What flavor is your smartphone OS?
The App Store difference
The ease with which the phone can be customized, with personal software programs from Apple’s App Store, also is a “powerful” component, Greengart said, and one that is being added by others.
Android has the fledgling Android Market; RIM is planning an application “storefront” in the spring, and Palm and Microsoft have similar efforts underway.
Windows Mobile
You’ll find Windows Mobile on a variety of phones from many different vendors including HTC, Samsung, LG, Motorola and even Palm, which has offered its Treo models with either the Palm OS or Windows Mobile OS. Samsung’s popular BlackJack and Motorola’s Q smartphones use Windows Mobile.
“Microsoft has been all about taking the PC experience into a mobile phone, and to some extent, they were somewhat successful,” said Burden. “Most people don’t look at a Windows Mobile phone as terribly intuitive. But what Microsoft has done is develop an OS for devices that seems to have resonated with business users.”
Windows Mobile “basically mimics a little computer with a little start menu,” said Greengart. “It’s highly logically organized, so it’s very easy to get around. The learning curve is fairly minimal for anyone who’s ever used a Windows PC, but at the same time it’s not that exciting.”
To make it more so, especially on touchscreen phones, companies like Samsung and HTC have added overlays, or “skins,” to Windows Mobile that make it more user-friendly for touch applications.
Windows Mobile 6.1 has some improvements over 6.0, including a better home screen, and is more stable in terms of fewer crashes or freezes, Greengart.
“The big question is what kind of update Microsoft will do with it in 2009,” he said. “In the past they have shown versions of Windows Mobile that are much more consumer friendly.”
Palm 
The Palm operating system’s icon-based home screen was around long before Apple did the same with the iPhone.
“One of Palm’s best qualities is its simplicity and its personal information management applications,” said Greengart. “The Palm OS is still the easiest operating system to add a calendar appointment to.”
But Palm's operating system has been losing market share, mainly to RIM and Apple. The Palm OS is about to get a major re-do called “Nova.”
It’s not known whether Nova, based on Linux, will be able to put Palm back on the smartphone map.
Nova “seems to be Palm’s last-ditch efforts in this space,” said Burden. “We don’t know what it will look like. I suspect it will be a platform that is not only for mobile phones, but for Internet devices and netbooks,” smaller laptops that focus on Web browsing and e-mail.
Android
Backed by Google and the Open Handset Alliance, there’s only one phone right now that uses Android, the T-Mobile G1. But in the months ahead, there are going to be others coming to market that rely on Android, an open-source operating system based on Linux.
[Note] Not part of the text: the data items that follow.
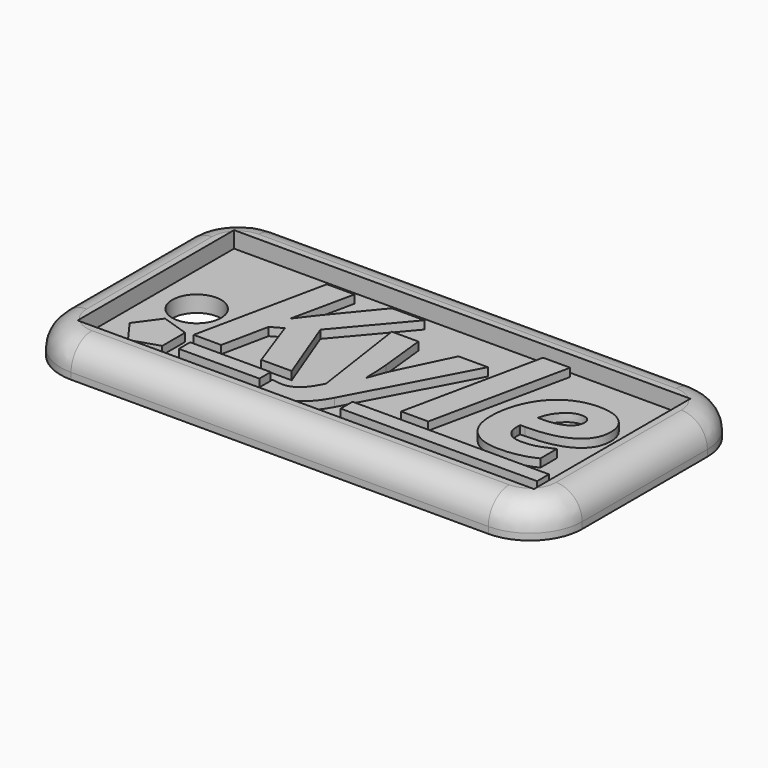
from build123d import *

# Parameters (mm, degrees)
F0_W         = 44.45
F0_H         = 19.05
F0_R         = 2.38125
F1_DEPTH     = 1.5875
F0_W_2       = 50.8
F0_H_2       = 25.4
F2_DEPTH     = 3.175
F3_R         = 5.08
F4_T1_DEPTH  = 40.64
F4_T3_DEPTH  = 15.24
F4_T6_ANGLE  = 90
F4_T8_ANGLE  = 90
F4_T10_ANGLE = 90
F4_T12_ANGLE = 90
F5_W         = 7.8462520614
F5_H         = 1.3765357435
F5_W_2       = 19.1338453442
F5_H_2       = 1.4453623444
F5_TEXT_SIZE = 17.975046972
F6_DEPTH     = 0.79375
F7_DEPTH     = 0.79375
F8_DEPTH     = 0.79375


# Not quite as in the source:
# - a fillet or chamfer that OpenCascade refuses, or shapes differently, is made with other operations: its cross-section is extruded or revolved along the edge and cut away or added
# - Text() gives the source's letters only with a copy of the font that has no kerning and outlines rounded to 1/6400 em; it was checked with that copy


with BuildPart() as f1:
    # F0 (on Top) → F1 (new body)
    with BuildSketch(Plane.XY):
        with Locations((25.4, 12.7)):
            Rectangle(F0_W, F0_H)
        with Locations((7.15645, 12.7)):
            Circle(F0_R, mode=Mode.SUBTRACT)
    extrude(amount=F1_DEPTH)

    # F0 (on Top) → F2 (join)
    with BuildSketch(Plane.XY):
        with Locations((25.4, 12.7)):
            Rectangle(F0_W_2, F0_H_2)
        with Locations((25.4, 12.7)):
            Rectangle(F0_W, F0_H, mode=Mode.SUBTRACT)
    extrude(amount=F2_DEPTH)

    # F3
    f3_edges = [f1.edges().sort_by_distance(p)[0] for p in [
        (50.8, 0, 1.5875),
        (50.8, 25.4, 1.5875),
        (0, 25.4, 1.5875),
        (0, 0, 1.5875),
    ]]
    fillet(f3_edges, radius=F3_R)

    # F4: fillet of radius 2.54 on 8 edges, made by hand

    # F4_s2 → F4_t1 (cut)
    with BuildSketch(Plane.YZ.offset(5.08)):
        with BuildLine():
            ThreePointArc((25.4, 0.635), (24.6560512242, 2.4310512242), (22.86, 3.175))
            Line((22.86, 3.175), (25.4, 3.175))
            Line((25.4, 3.175), (25.4, 0.635))
        make_face()
        with BuildLine():
            ThreePointArc((0, 0.635), (0.7439487758, 2.4310512242), (2.54, 3.175))
            Line((2.54, 3.175), (0, 3.175))
            Line((0, 3.175), (0, 0.635))
        make_face()
    extrude(amount=F4_T1_DEPTH, mode=Mode.SUBTRACT)

    # F4_s4 → F4_t3 (cut)
    with BuildSketch(Plane.XZ.offset(-20.32)):
        with BuildLine():
            ThreePointArc((0, 0.635), (0.7439487758, 2.4310512242), (2.54, 3.175))
            Line((2.54, 3.175), (0, 3.175))
            Line((0, 3.175), (0, 0.635))
        make_face()
        with BuildLine():
            ThreePointArc((50.8, 0.635), (50.0560512242, 2.4310512242), (48.26, 3.175))
            Line((48.26, 3.175), (50.8, 3.175))
            Line((50.8, 3.175), (50.8, 0.635))
        make_face()
    extrude(amount=F4_T3_DEPTH, mode=Mode.SUBTRACT)

    # F4_s5 → F4_t6 (revolve, cut)
    with BuildSketch(Plane.XZ.offset(-20.32)):
        with BuildLine():
            ThreePointArc((0, 0.635), (0.7439487758, 2.4310512242), (2.54, 3.175))
            Line((2.54, 3.175), (0, 3.175))
            Line((0, 3.175), (0, 0.635))
        make_face()
    revolve(axis=Axis((5.08, 20.32, 3.175), (0, 0, -1)), revolution_arc=F4_T6_ANGLE, mode=Mode.SUBTRACT)

    # F4_s7 → F4_t8 (revolve, cut)
    with BuildSketch(Plane.XZ.offset(-5.08)):
        with BuildLine():
            ThreePointArc((0, 0.635), (0.7439487758, 2.4310512242), (2.54, 3.175))
            Line((2.54, 3.175), (0, 3.175))
            Line((0, 3.175), (0, 0.635))
        make_face()
    revolve(axis=Axis((5.08, 5.08, 3.175), (0, 0, 1)), revolution_arc=F4_T8_ANGLE, mode=Mode.SUBTRACT)

    # F4_s9 → F4_t10 (revolve, cut)
    with BuildSketch(Plane.XZ.offset(-20.32)):
        with BuildLine():
            ThreePointArc((50.8, 0.635), (50.0560512242, 2.4310512242), (48.26, 3.175))
            Line((48.26, 3.175), (50.8, 3.175))
            Line((50.8, 3.175), (50.8, 0.635))
        make_face()
    revolve(axis=Axis((45.72, 20.32, 3.175), (0, 0, 1)), revolution_arc=F4_T10_ANGLE, mode=Mode.SUBTRACT)

    # F4_s11 → F4_t12 (revolve, cut)
    with BuildSketch(Plane.YZ.offset(45.72)):
        with BuildLine():
            ThreePointArc((0, 0.635), (0.7439487758, 2.4310512242), (2.54, 3.175))
            Line((2.54, 3.175), (0, 3.175))
            Line((0, 3.175), (0, 0.635))
        make_face()
    revolve(axis=Axis((45.72, 5.08, 3.175), (0, 0, 1)), revolution_arc=F4_T12_ANGLE, mode=Mode.SUBTRACT)

    # F5 (on face) → F6 (join)
    with BuildSketch(Plane.XY.offset(1.5875)):
        Polygon((9.8692663014, 5.1128118639), (9.8692663014, 7.898819692), (7.219615402, 8.7597434573), (5.5820410879, 6.5058157779), (7.219615402, 4.2518880985), align=None)
        with Locations((15.0806005113, 6.2131495215)):
            Rectangle(F5_W, F5_H)
        with Locations((36.4857306704, 6.247562822)):
            Rectangle(F5_W_2, F5_H_2)
        with Locations((10.1331500337, 8.0302460119)):
            Text('Kyle', F5_TEXT_SIZE, font='Open Sans', font_style=FontStyle.BOLDITALIC, text_align=(TextAlign.LEFT, TextAlign.BOTTOM))
    extrude(amount=F6_DEPTH)

    # F5 (on face) → F7 (join)
    with BuildSketch(Plane.XY.offset(1.5875)):
        Polygon((9.8692663014, 5.1128118639), (9.8692663014, 7.898819692), (7.219615402, 8.7597434573), (5.5820410879, 6.5058157779), (7.219615402, 4.2518880985), align=None)
        with Locations((15.0806005113, 6.2131495215)):
            Rectangle(F5_W, F5_H)
        with Locations((36.4857306704, 6.247562822)):
            Rectangle(F5_W_2, F5_H_2)
        with Locations((10.1331500337, 8.0302460119)):
            Text('Kyle', F5_TEXT_SIZE, font='Open Sans', font_style=FontStyle.BOLDITALIC, text_align=(TextAlign.LEFT, TextAlign.BOTTOM))
    extrude(amount=F7_DEPTH)

    # F5 (on face) → F8 (join)
    with BuildSketch(Plane.XY.offset(1.5875)):
        Polygon((9.8692663014, 5.1128118639), (9.8692663014, 7.898819692), (7.219615402, 8.7597434573), (5.5820410879, 6.5058157779), (7.219615402, 4.2518880985), align=None)
        with Locations((15.0806005113, 6.2131495215)):
            Rectangle(F5_W, F5_H)
        with Locations((36.4857306704, 6.247562822)):
            Rectangle(F5_W_2, F5_H_2)
        with Locations((10.1331500337, 8.0302460119)):
            Text('Kyle', F5_TEXT_SIZE, font='Open Sans', font_style=FontStyle.BOLDITALIC, text_align=(TextAlign.LEFT, TextAlign.BOTTOM))
    extrude(amount=F8_DEPTH)


solid = f1.part
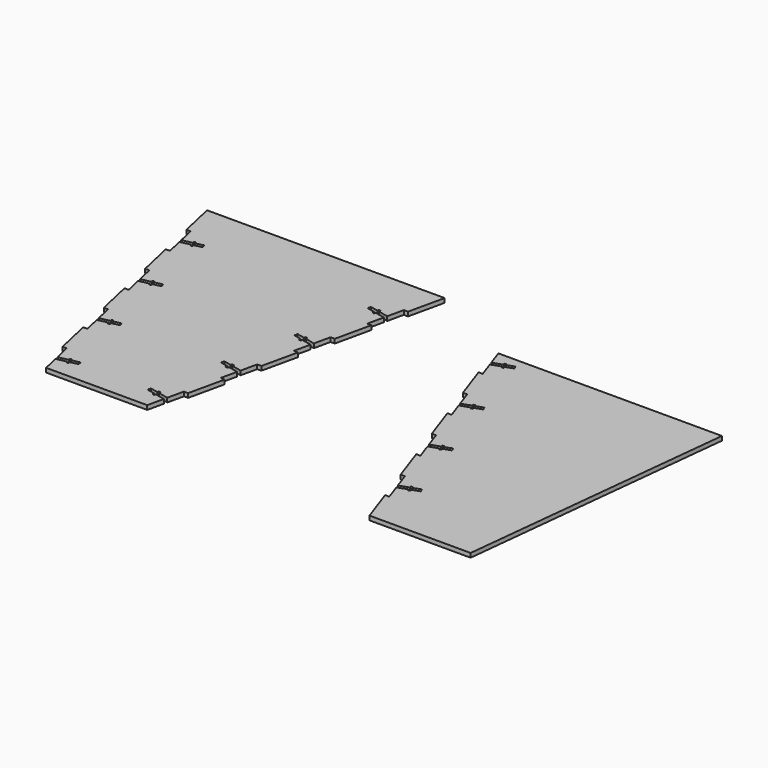
from build123d import *

# Parameters (mm, degrees)
F1_DEPTH = 3.175


# Not quite as in the source:
# - ends of sketch curves that miss each other by under 0.0002 mm in the source are joined


with BuildPart() as f1:
    # F0 (on Top) → F1 (new body)
    with BuildSketch(Plane.XY):
        Polygon((-4.6331430502, 36.5619704102), (-1.8939911218, 24.307635561), (74.3060088782, 24.307635561), (77.0451608066, 36.5619704102), (69.6086750806, 38.2242219096), (69.3290970709, 36.9853662776), (67.7185983772, 37.3488149778), (67.9974344202, 38.5843659181), (62.1721872682, 39.886462926), (62.4492291847, 41.1258772137), (62.7262711013, 42.3652915013), (68.5515182533, 41.0631944934), (68.8252918625, 42.2998770218), (70.4372635786, 41.943018245), (70.1627568273, 40.7030400019), (77.5992425538, 39.0407885023), (80.3384303136, 51.2951379635), (83.5134303136, 51.2951379635), (89.5458512708, 78.2826379635), (86.3708512708, 78.2826379635), (89.110008961, 90.5369741923), (81.673523235, 92.1992256917), (81.3939452253, 90.9603700597), (79.7834465317, 91.3238187599), (80.0622825746, 92.5593697002), (74.2370354226, 93.8614667081), (74.5140773392, 95.1008809957), (74.7911192557, 96.3402952834), (80.6163664077, 95.0381982755), (80.890140017, 96.2748808039), (82.502111733, 95.9180220271), (82.2276049817, 94.678043784), (89.6640907082, 93.0157922844), (92.4032730507, 105.270142097), (95.5782730507, 105.270142097), (101.6106940078, 132.257642097), (98.4356940078, 132.257642097), (101.1748571154, 144.5119779744), (93.7383713895, 146.1742294738), (93.4587933797, 144.9353738417), (91.8482946861, 145.2988225419), (92.127130729, 146.5343734823), (86.301883577, 147.8364704902), (86.5789254936, 149.0758847778), (86.8559674101, 150.3152990655), (92.6812145622, 149.0132020576), (92.9549881714, 150.2498845859), (94.5669598875, 149.8930258092), (94.2924531361, 148.6530475661), (101.7289388626, 146.9907960665), (104.4681157506, 159.2451460441), (107.6431157506, 159.2451460441), (113.6755367078, 186.2326460441), (110.5005367078, 186.2326460441), (113.2397052698, 198.4869817564), (105.8032195439, 200.1492332559), (105.5236415342, 198.9103776238), (103.9131428405, 199.273826324), (104.1919788834, 200.5093772644), (98.3667317314, 201.8114742722), (98.643773648, 203.0508885599), (98.9208155645, 204.2903028476), (104.7460627166, 202.9882058397), (105.0198363258, 204.224888368), (106.6318080419, 203.8680295913), (106.3573012905, 202.6280513481), (113.793787017, 200.9657998486), (116.532955579, 213.2201355609), (119.707955579, 213.2201355609), (125.7403765357, 240.207635561), (-53.3283587793, 240.207635561), (-47.2959378226, 213.2201355609), (-44.1209378226, 213.2201355609), (-41.3817692606, 200.9657998486), (-33.9452835341, 202.6280513481), (-34.2197902855, 203.8680295913), (-32.6078185694, 204.224888368), (-32.3340449601, 202.9882058397), (-26.5087978081, 204.2903028476), (-26.2317558916, 203.0508885599), (-25.954713975, 201.8114742722), (-31.779961127, 200.5093772644), (-31.5011250841, 199.273826324), (-33.1116237777, 198.9103776238), (-33.391199701, 200.1492227728), (-40.8276875134, 198.4869817564), (-38.0885189514, 186.2326460441), (-41.2635189514, 186.2326460441), (-35.2310979942, 159.2451460441), (-32.0560979942, 159.2451460441), (-29.3169211062, 146.9907960665), (-21.8804353797, 148.6530475661), (-22.154942131, 149.8930258092), (-20.542970415, 150.2498845859), (-20.2691968057, 149.0132020576), (-14.4439496537, 150.3152990655), (-14.1669077372, 149.0758847778), (-13.8898658206, 147.8364704902), (-19.7151129726, 146.5343734823), (-19.4362769297, 145.2988225419), (-21.0467756233, 144.9353738417), (-21.3263515466, 146.1742189907), (-28.762839359, 144.5119779744), (-26.0236762514, 132.257642097), (-29.1986762514, 132.257642097), (-23.1662552942, 105.270142097), (-19.9912552942, 105.270142097), (-17.2520729518, 93.0157922844), (-9.8155872253, 94.678043784), (-10.0900939766, 95.9180220271), (-8.4781222605, 96.2748808039), (-8.2043486513, 95.0381982755), (-2.3791014993, 96.3402952834), (-2.1020595827, 95.1008809957), (-1.8250176662, 93.8614667081), (-7.6502648182, 92.5593697002), (-7.3714287752, 91.3238187599), (-8.9819274689, 90.9603700597), (-9.2615033921, 92.1992152086), (-16.6979912046, 90.5369741923), (-13.9588335143, 78.2826379635), (-17.1338335143, 78.2826379635), (-11.1014125572, 51.2951379635), (-7.9264125572, 51.2951379635), (-5.1872247974, 39.0407885023), (2.2492609291, 40.7030400019), (1.9747541778, 41.943018245), (3.5867258939, 42.2998770218), (3.8604995031, 41.0631944934), (9.6857466551, 42.3652915013), (9.9627885717, 41.1258772137), (10.2398304882, 39.886462926), (4.4145833362, 38.5843659181), (4.6934193792, 37.3488149778), (3.0829206855, 36.9853662776), (2.8033447623, 38.2242114266), align=None)
    extrude(amount=F1_DEPTH)


with BuildPart() as f1b:
    # F0 (on Top) → F1, piece 2 (new body)
    with BuildSketch(Plane.XY):
        Polygon((255.1967932846, 22.2092284731), (264.336668028, -3.8901568194), (340.536668028, -3.8901568194), (362.8504252926, 204.90492552), (194.3926700813, 204.90492552), (198.5428541742, 193.0538600823), (205.7346174252, 195.5723797548), (205.3148641465, 196.7710069633), (206.8730795176, 197.3166862257), (207.2928327963, 196.1180590172), (212.9263806763, 198.0908994273), (213.346133955, 196.8922722188), (213.7658872338, 195.6936450103), (208.1323393538, 193.7208046002), (208.5520926325, 192.5221773917), (206.9938772615, 191.9764981293), (206.5741239827, 193.1751253378), (199.3823607208, 190.6566056962), (203.5325448246, 178.8055402276), (200.3575448246, 178.8055402276), (209.4974195679, 152.7061549352), (212.6724195679, 152.7061549352), (216.8226036609, 140.8550894975), (224.0143669119, 143.37360917), (223.5946136332, 144.5722363785), (225.1528290042, 145.1179156408), (225.572582283, 143.9192884323), (231.206130163, 145.8921288424), (231.6258834417, 144.6935016339), (232.0456407206, 143.4948758262), (226.4120928406, 141.5220354161), (226.8318461193, 140.3234082076), (225.2736307483, 139.7777289452), (224.8538774695, 140.9763561538), (217.6621102075, 138.4578351114), (221.8122943113, 126.6067696428), (218.6372943113, 126.6067696428), (227.7771690546, 100.5073843503), (230.9521690546, 100.5073843503), (235.1023611477, 88.6563217143), (242.2941243988, 91.1748413867), (241.87437112, 92.3734685953), (243.4325864911, 92.9191478576), (243.8523397699, 91.7205206491), (249.4858876499, 93.6933610592), (249.9056409286, 92.4947338507), (250.3253942074, 91.2961066422), (244.6918463274, 89.3232662321), (245.1115996061, 88.1246390236), (243.553384235, 87.5789597612), (243.1336309563, 88.7775869697), (235.9418676183, 86.2590673015), (240.0920437979, 74.4079990579), (236.9170437979, 74.4079990579), (246.0569185413, 48.3086137655), (249.2319185413, 48.3086137655), (253.3821146345, 36.4575525302), (260.5738778856, 38.9760722027), (260.1541246068, 40.1746994112), (261.7123399779, 40.7203786736), (262.1320932566, 39.5217514651), (267.7656411366, 41.4945918752), (268.1853944154, 40.2959646667), (268.6051476941, 39.0973374582), (262.9715998141, 37.124497048), (263.3913530929, 35.9258698395), (261.8331377218, 35.3801905772), (261.4133844431, 36.5788177857), (254.2216211051, 34.0602981175), (258.3717932846, 22.2092284731), align=None)
    extrude(amount=F1_DEPTH)


solid = Compound([f1.part, f1b.part])

An update to the operating system called “cupcake,” due out next year, will improve e-mail, Web browsing and phone functionality, as well as a host of fixes to the operating system.
At this point, Android is very much viewed as “the Google phone.” In order to use the G1, for example, you have to have a Gmail e-mail account.
“If you live online with Google, you use Gmail, Google Maps, Calendar and do a lot of Google searches, you’re really going to like Android because all those things are built into the OS from the outset,” said Greengart.
If you want to get your Outlook work e-mail, though, there are no programs yet for Android that will let you do so.
Linux
Mobile Linux has multiple flavors, as is appropriate for an open-source operating system. You won’t necessarily see Linux mentioned as a phone’s operating system. Motorola, for example, sells a lot of mobile Linux phones.
“They don’t give you any way to add applications to them, or to synchronize with a PC, either,” said Greengart. “The consumer smartphone experience, which usually includes mobile e-mail and some sort of PC synchronization, is absent from these devices.”
Symbian
Symbian, like Linux, isn’t necessarily marketed as part of a phone; it’s very much an under-the-hood operating system, purring away without too much bother.
“The reason why it was so successful in the early days of smartphones is because Nokia was putting it into mobile phones and de-emphasizing that these phones had operating systems in them,” said Burden of ABI Research.
“People buying these phones just thought they were buying a better camera phone, or whatever, and not realizing they were necessarily buying a smartphone. That says a lot about the simplicity of that operating system.”
Symbian’s popularity “stems in large part from some exceptional products made by Nokia,” Greengart said. There are other companies that have licensed Symbian, including Samsung, Motorola and Sony Ericsson, “but Nokia ships the lion’s share of Symbian smartphones,” he said.